How fiber optic analytics can help address the water crisis

Tommy Langnes and Ian Setterfield, LYTT, March 24 2022

Every day in the UK, 3,113 million liters of water are lost because of leaks. That’s the equivalent of 1,245 Olympic swimming pools’ worth of water lost each day. This is a significant challenge for water utilities, who are responsible for monitoring and maintaining almost 350,000 kilometers of pipes across the country. The UK is also grappling with sewage discharge issues, which are reducing water quality and compromising the health and cleanliness of public areas.

Most of the UK’s water infrastructure was built in the late 1800s and early 1900s and is made of cast iron, which is subject to corrosion. As such, a widespread modernization program is urgently needed.

Globally, aging water infrastructure is failing to keep pace with a growing population. In 2020, over two billion people lived in water-stressed areas, and more than a quarter of the global population lacked access to safely managed drinking water.

Water companies must invest smartly into industrial, digital solutions to establish water systems robust enough to cope with population growth. Such an opportunity is now emerging from technologies proven in the Oil & Gas sector, where fiber optics combined with other sensor information and real-time analytics have been successfully used to manage asset performance and integrity, and significantly reduce the time it takes to find and fix leaks.

The challenge

When managing the structural integrity and performance of their infrastructure, water utilities face three main leak challenges:

1. Leaks from sewage pipes: Sewage discharge can result in significant environmental damage and fines being levied. In one year alone, there were over 5,500 instances of raw sewage being spilt into UK coastal swimming water, getting water utilities into the headlines for all the wrong reasons. UK water companies have been fined nearly half a billion pounds over the last decade for regulatory violations, with the heaviest fines related to the known discharge of raw sewage.

2. Leaks into sewage pipes: Groundwater leaking into fractured sewage pipes can quadruple the amount of liquid that needs to be treated at the sewage works. Influx following rain can massively impact treatment capacity, resulting in contaminated water being discharged into storm water pipes, and from there, into the environment.

3. Leaks in water supply pipes: Damaged infrastructure can lead to increased CAPEX and OPEX costs. UK water companies spent over £4.3 billion between 2020 and 2021 on important infrastructure investment. Leaks from untreated wastewater pipes, high in nitrates and phosphates, can enter natural waterways and unbalance delicate marine and terrestrial ecosystems, threatening biodiversity and food sources.

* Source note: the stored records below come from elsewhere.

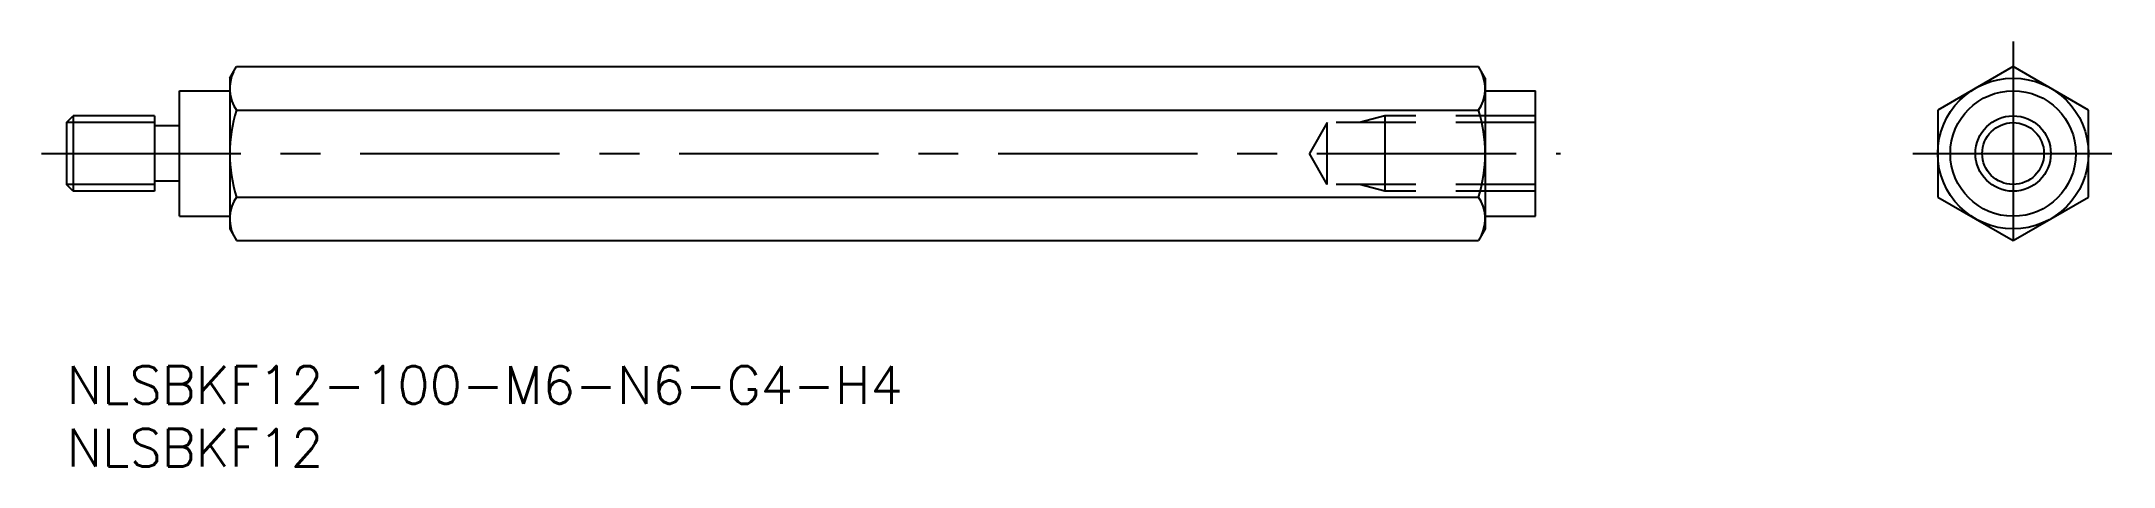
# Model space of a CAD drawing. Extents: x -2 to 163, y -8 to 26.
import ezdxf

# ---------------------------------------------------------------- set-up
doc = ezdxf.new("R2010")
doc.units = 0
doc.header["$LTSCALE"] = 0.5
doc.linetypes.add('CENTER', pattern=[50.8, 31.75, -6.35, 6.35, -6.35])
doc.linetypes.add('DASHED', pattern=[19.05, 12.7, -6.35])
for name, color, linetype in [('MSM_CENTER', 1, 'CENTER'), ('MSM_CONTINUOUS', 7, 'CONTINUOUS'), ('MSM_DASHED', 4, 'DASHED'), ('MSM_NARROW', 5, 'CONTINUOUS'), ('MSM_PART_NUMBER', 7, 'CONTINUOUS')]:
    doc.layers.add(name, color=color, linetype=linetype)
doc.styles.get("Standard").update_dxf_attribs({"font": 'txt.shx', "height": 3, "bigfont": 'bigfont.shx'})

# ---------------------------------------------------------------- blocks, each defined once
blk = doc.blocks.new('*U4')
at = {"layer": 'MSM_PART_NUMBER'}
blk.add_text('NLSBKF12-100-M6-N6-G4-H4', height=3, dxfattribs=at).set_placement((0, -3))
blk = doc.blocks.new('*U5')
at = {"layer": 'MSM_PART_NUMBER'}
blk.add_text('NLSBKF12', height=3, dxfattribs=at).set_placement((0, -8))

msp = doc.modelspace()

# ---------------------------------------------------------------- linework, layer by layer
at = {"layer": 'MSM_CENTER'}
for p, q in [((155.05, 25.86), (155.05, 8)), ((-2, 16.93), (119, 16.93)), ((147.05, 16.93), (163.05, 16.93))]:
    msp.add_line(p, q, dxfattribs=at)
at = {"layer": 'MSM_CONTINUOUS'}
for p, q in [((13, 22.93), (13.54, 23.86)), ((13.54, 23.86), (112.46, 23.86)), ((113, 22.93), (112.46, 23.86)), ((155.05, 23.86), (149.05, 20.39)), ((161.05, 20.39), (155.05, 23.86)), ((9, 11.93), (9, 21.93)), ((9, 21.93), (13, 21.93)), ((13, 22.93), (13, 10.93)), ((113, 22.93), (113, 10.93)), ((113, 21.93), (117, 21.93)), ((117, 11.93), (117, 21.93)), ((0, 19.39), (0.54, 19.93)), ((7, 19.93), (0.54, 19.93)), ((0.54, 19.93), (0.54, 13.93)), ((7, 19.93), (7, 13.93)), ((13.54, 20.39), (112.46, 20.39)), ((149.05, 20.39), (149.05, 13.46)), ((161.05, 13.46), (161.05, 20.39)), ((0, 19.39), (0, 14.47)), ((9, 19.13), (7, 19.13)), ((0.54, 13.93), (0, 14.47)), ((7, 13.93), (0.54, 13.93)), ((9, 14.73), (7, 14.73)), ((13.54, 13.46), (112.46, 13.46)), ((149.05, 13.46), (155.05, 10)), ((155.05, 10), (161.05, 13.46)), ((9, 11.93), (13, 11.93)), ((113, 11.93), (117, 11.93)), ((13, 10.93), (13.54, 10)), ((13.54, 10), (112.46, 10)), ((113, 10.93), (112.46, 10))]:
    msp.add_line(p, q, dxfattribs=at)
for radius in [6, 5, 2.46]:
    msp.add_circle((155.05, 16.93), radius, dxfattribs=at)
for centre, radius, start, end in [((16.07, 22.12), 3.07, 154.3842, 214.3842), ((109.93, 22.12), 3.07, 325.6158, 25.6158), ((24.46, 16.93), 11.46, 162.412, 197.588), ((101.54, 16.93), 11.46, 342.412, 17.588), ((16.07, 11.73), 3.07, 145.6158, 205.6158), ((109.93, 11.73), 3.07, 334.3842, 34.3842)]:
    msp.add_arc(centre, radius, start, end, dxfattribs=at)
at = {"layer": 'MSM_DASHED'}
for p, q in [((105, 19.93), (103, 19.39)), ((117, 19.93), (105, 19.93)), ((105, 19.93), (105, 13.93)), ((100.42, 19.39), (99, 16.93)), ((117, 19.39), (100.42, 19.39)), ((100.42, 14.47), (100.42, 19.39)), ((100.42, 14.47), (99, 16.93)), ((117, 14.47), (100.42, 14.47)), ((105, 13.93), (103, 14.47)), ((117, 13.93), (105, 13.93))]:
    msp.add_line(p, q, dxfattribs=at)
at = {"layer": 'MSM_NARROW'}
for p, q in [((7, 19.39), (0, 19.39)), ((7, 14.47), (0, 14.47))]:
    msp.add_line(p, q, dxfattribs=at)
msp.add_circle((155.05, 16.93), 3, dxfattribs=at)

# ---------------------------------------------------------------- block references
at = {"layer": 'MSM_CONTINUOUS'}
for name in ['*U4', '*U5']:
    msp.add_blockref(name, (0, 0), dxfattribs=at)

doc.saveas('drawing.dxf')

As a result of these pressures, water utilities are spending heavily on leak remediation. However, traditional leakage prevention methods have been unable to tackle these problems effectively, driving increased demand for scalable solutions that enable targeted infrastructure maintenance.

The opportunity

Fiber optic sensing systems have long been used in Oil & Gas to provide insights from production systems, addressing similar challenges with pinpointing leaks. The technology is enhanced by its combination with cloud-based, real-time data processing software and analytics, which unlock near instantaneous visibility of underground motion, from fluids or solids, enabling operators to take fast and effective remedial action to address leaks.

The UK’s aging water infrastructure does not have bespoke fiber installed for leak detection. However, there are technologies available to enable ‘on demand’ intervention approaches that can accurately and efficiently isolate leaks. There is also technology available to take advantage of nearby existing fiber cables (dark fiber) for permanent leak detection.

Traditional intervention approaches have proven impractical, as fiber optic cables can easily become lodged in sewage and water pipes. More recently, advances in cable design and deployment have unlocked new opportunities to monitor water and wastewater pipelines using fiber. The global water system is now primed for a revolution in real-time leak detection that will deliver reduced operational costs, increase energy efficiency, and minimize water waste.

In the near future, water companies will be able to install fiber optic cables more efficiently and cost-effectively, and utilize data analytics platforms to gain unprecedented operational visibility across the complete length of the pipe, allowing them to monitor flow behavior and volumes, and accurately detect leaks. Undetected leaks, and the damage and costs they bring, will become a thing of the past.